1. Trois collectifs utilisant des modèles contributifs

Trois organisations structurent la dynamique de l’ECL. L’Association Nord Internet Solidaire (ANIS) est créée en 2001 à Roubaix avec pour objet de favoriser l’accès et usages de tous et toutes aux outils du numérique, dans une démarche d’éducation populaire. En 2017, l’ANIS adopte une nouvelle orientation et devient « Association Numérique et Innovation Sociale » avec pour but d’opérer des transformations sociales accompagnées par le numérique. [5] La forme associative de la structure permet d’y porter des projets naissant souvent dans le cadre d’un autre collectif, à l’existence juridique informelle, Catalyst. Depuis peu, les membres confondent davantage les deux structures et évoquent : « ANIS/Catalyst (Acteurs de l’Innovation Numérique et Sociale en Communs en Région Hauts-de-France) » qui s’apparente à un incubateur. La Compagnie (Cie) des Tiers Lieux est une association qui engage ses activités dans la perspective de fédérer les Tiers Lieux en Hauts-de-France. Elle propose un ensemble de services à l’accompagnement de ces derniers et produit des outils de mutualisation. C’est au départ une émanation de l’ANIS : elle a été portée et s’est développée dans ce cadre puis s’en est autonomisée.
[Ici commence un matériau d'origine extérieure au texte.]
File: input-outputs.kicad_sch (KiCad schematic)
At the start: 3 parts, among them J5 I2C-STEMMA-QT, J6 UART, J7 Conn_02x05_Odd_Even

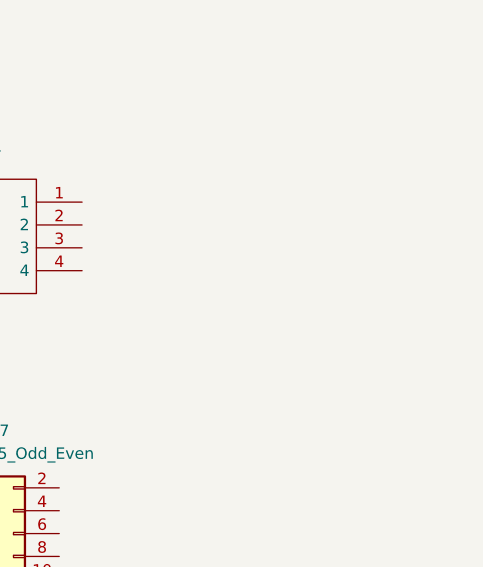
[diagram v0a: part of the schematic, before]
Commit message: Added I2S Audio amplifier
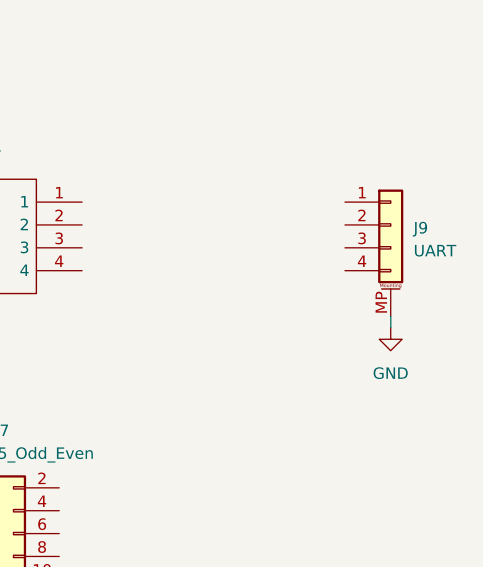
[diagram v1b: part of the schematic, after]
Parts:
- added J9: UART, Connector_Hirose:Hirose_DF13C_CL535-0404-8-51_1x04-1MP_P1.25mm_Vertical, symbol Connector_Generic_MountingPin:Conn_01x04_MountingPin
- J6: footprint KiCad:S4BXHSM4TBLFSN -> (none)
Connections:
- new net GND: J9.MP (MountPin)
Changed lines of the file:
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@@
 	(generator_version "8.0")
 	(paper "A4")
+	(wire
+		(pts
+			(xy 90.17 86.36) (xy 90.17 85.09)
+		)
+		(stroke
+			(width 0)
+			(type default)
+		)
+	)
+	(symbol
+		(lib_id "Connector_Generic_MountingPin:Conn_01x04_MountingPin")
+		(at 90.17 74.93 0)
+		(unit 1)
+		(exclude_from_sim no)
+		(in_bom yes)
+		(on_board yes)
+		(dnp no)
+		(fields_autoplaced yes)
+		(property "Reference" "J9"
+			(at 92.71 75.2855 0)
+			(effects
+				(font
+					(size 1.27 1.27)
+				)
+				(justify left)
+			)
+		)
+		(property "Value" "UART"
+			(at 92.71 77.8255 0)
+			(effects
+				(font
+					(size 1.27 1.27)
+				)
+				(justify left)
+			)
+		)
+		(property "Footprint" "Connector_Hirose:Hirose_DF13C_CL535-0404-8-51_1x04-1MP_P1.25mm_Vertical"
+			(at 90.17 74.93 0)
+			(effects
+				(font
+					(size 1.27 1.27)
+				)
+				(hide yes)
+			)
+		)
+		(property "Datasheet" "~"
+			(at 90.17 74.93 0)
+			(effects
+				(font
+					(size 1.27 1.27)
+				)
+				(hide yes)
+			)
+		)
+		(property "Description" "Generic connectable mounting pin connector, single row, 01x04, script generated (kicad-library-utils/schlib/autogen/connector/)"
+			(at 90.17 74.93 0)
+			(effects
+				(font
+					(size 1.27 1.27)
+				)
+				(hide yes)
+			)
+		)
+		(pin "2"
+		)
+		(pin "1"
+		)
+		(pin "3"
+		)
+		(pin "4"
+		)
+		(pin "MP"
+		)
+		(instances
+			(project "H743_LCD_dev"
+				(path "/70094798-b7e4-48a4-a512-b8f48be18f9f/cf3c6c38-1b0f-4722-9440-d8d8f6f0e2e1"
+					(reference "J9")
+					(unit 1)
+				)
+			)
+		)
+	)
 	(symbol
 		(lib_id "S4B-XH-SM4-TB_LF__SN_:S4B-XH-SM4-TB_LF__SN_")
@@
 			)
 		)
-		(property "Footprint" "KiCad:S4BXHSM4TBLFSN"
+		(property "Footprint" ""
 			(at 52.07 69.85 0)
 			(effects
@@
 					(unit 1)
 				)
+			)
+		)
+	)
+	(symbol
+		(lib_id "power:GND")
+		(at 90.17 86.36 0)
+		(unit 1)
+		(exclude_from_sim no)
+		(in_bom yes)
+		(on_board yes)
+		(dnp no)
+		(fields_autoplaced yes)
+		(property "Reference" "#PWR068"
+			(at 90.17 92.71 0)
+			(effects
+				(font
+					(size 1.27 1.27)
+				)
+				(hide yes)
+			)
+		)
+		(property "Value" "GND"
+			(at 90.17 91.44 0)
+			(effects
+				(font
+					(size 1.27 1.27)
+				)
+			)
+		)
+		(property "Footprint" ""
+			(at 90.17 86.36 0)
+			(effects
+				(font
+					(size 1.27 1.27)
+				)
+				(hide yes)
+			)
+		)
+		(property "Datasheet" ""
+			(at 90.17 86.36 0)
+			(effects
+				(font
+					(size 1.27 1.27)
+				)
+				(hide yes)
+			)
+		)
+		(property "Description" "Power symbol creates a global label with name \"GND\" , ground"
+			(at 90.17 86.36 0)
+			(effects
+				(font
+					(size 1.27 1.27)
+				)
+				(hide yes)
+			)
+		)
+		(pin "1"
+		)
+		(instances
+			(project "H743_LCD_dev"
+				(path "/70094798-b7e4-48a4-a512-b8f48be18f9f/cf3c6c38-1b0f-4722-9440-d8d8f6f0e2e1"
+					(reference "#PWR068")
+					(unit 1)
+				)

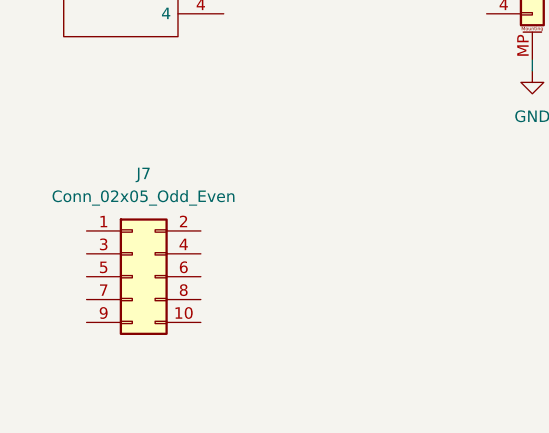
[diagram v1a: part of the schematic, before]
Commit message: Finish sdram, LCD, SD-card, QSPI, I2S tracks
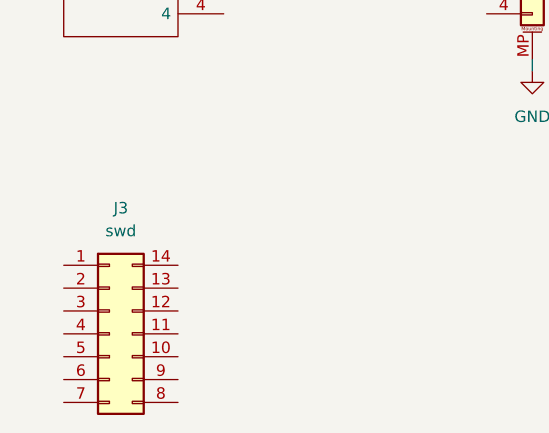
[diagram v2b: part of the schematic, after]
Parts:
- removed J7: Conn_02x05_Odd_Even, Connector_PinHeader_1.27mm:PinHeader_2x05_P1.27mm_Vertical_SMD, symbol Connector_Generic:Conn_02x05_Odd_Even
- added J3: swd, Connector_PinHeader_1.27mm:PinHeader_2x07_P1.27mm_Vertical_SMD, symbol Connector_Generic:Conn_02x07_Counter_Clockwise
- J6: footprint (none) -> SM04B-SRSS-TB_LF__SN_:JST_SM04B-SRSS-TB_LF__SN_
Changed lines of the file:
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@@
+	)
+	(symbol
+		(lib_id "Connector_Generic:Conn_02x07_Counter_Clockwise")
+		(at 43.18 115.57 0)
+		(unit 1)
+		(exclude_from_sim no)
+		(in_bom yes)
+		(on_board yes)
+		(dnp no)
+		(fields_autoplaced yes)
+		(property "Reference" "J3"
+			(at 44.45 101.6 0)
+			(effects
+				(font
+					(size 1.27 1.27)
+				)
+			)
+		)
+		(property "Value" "swd"
+			(at 44.45 104.14 0)
+			(effects
+				(font
+					(size 1.27 1.27)
+				)
+			)
+		)
+		(property "Footprint" "Connector_PinHeader_1.27mm:PinHeader_2x07_P1.27mm_Vertical_SMD"
+			(at 43.18 115.57 0)
+			(effects
+				(font
+					(size 1.27 1.27)
+				)
+				(hide yes)
+			)
+		)
+		(property "Datasheet" "~"
+			(at 43.18 115.57 0)
+			(effects
+				(font
+					(size 1.27 1.27)
+				)
+				(hide yes)
+			)
+		)
+		(property "Description" "Generic connector, double row, 02x07, counter clockwise pin numbering scheme (similar to DIP package numbering), script generated (kicad-library-utils/schlib/autogen/connector/)"
+			(at 43.18 115.57 0)
+			(effects
+				(font
+					(size 1.27 1.27)
+				)
+				(hide yes)
+			)
+		)
+		(pin "9"
+		)
+		(pin "8"
+		)
+		(pin "6"
+		)
+		(pin "5"
+		)
+		(pin "4"
+		)
+		(pin "1"
+		)
+		(pin "12"
+		)
+		(pin "2"
+		)
+		(pin "13"
+		)
+		(pin "14"
+		)
+		(pin "10"
+		)
+		(pin "7"
+		)
+		(pin "11"
+		)
+		(pin "3"
+		)
+		(instances
+			(project "H743_LCD_dev"
+				(path "/70094798-b7e4-48a4-a512-b8f48be18f9f/cf3c6c38-1b0f-4722-9440-d8d8f6f0e2e1"
+					(reference "J3")
+					(unit 1)
+				)
+			)
+		)
 	)
 	(symbol
@@
 			)
 		)
-		(property "Footprint" ""
+		(property "Footprint" "SM04B-SRSS-TB_LF__SN_:JST_SM04B-SRSS-TB_LF__SN_"
 			(at 52.07 69.85 0)
 			(effects
@@
 					(unit 1)
 				)
-			)
-		)
-	)
-	(symbol
-		(lib_id "Connector_Generic:Conn_02x05_Odd_Even")
-		(at 45.72 109.22 0)
-		(unit 1)
-		(exclude_from_sim no)
-		(in_bom yes)
-		(on_board yes)
-		(dnp no)
-		(fields_autoplaced yes)
-		(property "Reference" "J7"
-			(at 46.99 97.79 0)
-			(effects
-				(font
-					(size 1.27 1.27)
-				)
-			)
-		)
-		(property "Value" "Conn_02x05_Odd_Even"
-			(at 46.99 100.33 0)
-			(effects
-				(font
-					(size 1.27 1.27)
-				)
-			)
-		)
-		(property "Footprint" "Connector_PinHeader_1.27mm:PinHeader_2x05_P1.27mm_Vertical_SMD"
-			(at 45.72 109.22 0)
-			(effects
-				(font
-					(size 1.27 1.27)
-				)
-				(hide yes)
-			)
-		)
-		(property "Datasheet" "~"
-			(at 45.72 109.22 0)
-			(effects
-				(font
-					(size 1.27 1.27)
-				)
-				(hide yes)
-			)
-		)
-		(property "Description" "Generic connector, double row, 02x05, odd/even pin numbering scheme (row 1 odd numbers, row 2 even numbers), script generated (kicad-library-utils/schlib/autogen/connector/)"
-			(at 45.72 109.22 0)
-			(effects
-				(font
-					(size 1.27 1.27)
-				)
-				(hide yes)
-			)
-		)
-		(pin "9"
-		)
-		(pin "7"
-		)
-		(pin "8"
-		)
-		(pin "1"
-		)
-		(pin "3"
-		)
-		(pin "10"
-		)
-		(pin "5"
-		)
-		(pin "4"
-		)
-		(pin "6"
-		)
-		(pin "2"
-		)
-		(instances
-			(project "H743_LCD_dev"
-				(path "/70094798-b7e4-48a4-a512-b8f48be18f9f/cf3c6c38-1b0f-4722-9440-d8d8f6f0e2e1"
-					(reference "J7")
-					(unit 1)
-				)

Optéos est une coopérative d’activité et d’emploi, créée en en 2010 et qui, depuis 2016, regroupe surtout des acteurs et actrices du numérique, du conseil et de la formation qui s’engagent dans le domaine de « la transition numérique et l’innovation sociale ». [6] La CAE regroupe la majorité des membres des collectifs cités qui détiennent ainsi un statut juridique individuel pour percevoir les rétributions monétaires tirées des contributions. La CAE comprend aussi d’autres entrepreneurs-salariés qui ne sont pas engagés dans la production de communs.

L’ANIS, la Cie des Tiers Lieux et Opteos (en partie) se sont organisés à partir d’un modèle économique contributif. Ce modèle consiste à instaurer un système de rétributions monétaires afin que les membres impliqués puissent obtenir une compensation monétaire pour leur engagement dans des activités autour des communs (produits pour le collectif ou en dehors). Chaque membre participe à différents projets collectifs et « prend de l’argent » dans un budget qualifié de « contributif » ou de « pot commun » sur la base de ces contributions. Le principe est celui de la « libre rémunération [7] », c’est-à-dire que chaque « contributeur » ou « contributrice » formulent la valeur monétaire de ses contributions aux communs. La rémunération est d’abord déterminée par une autoévaluation par les contributrices et contributeurs des tâches effectuées dans la participation aux projets communs. Elle passe ensuite par une validation collective et démocratique. Chaque membre qui s’est impliqué doit donc d’abord estimer lui-même sa contribution monétairement, pour ensuite obtenir une rémunération de son engagement. La seule participation à des actions ou des tâches autorise les individus à revendiquer une rétribution et à piocher dans le pot commun.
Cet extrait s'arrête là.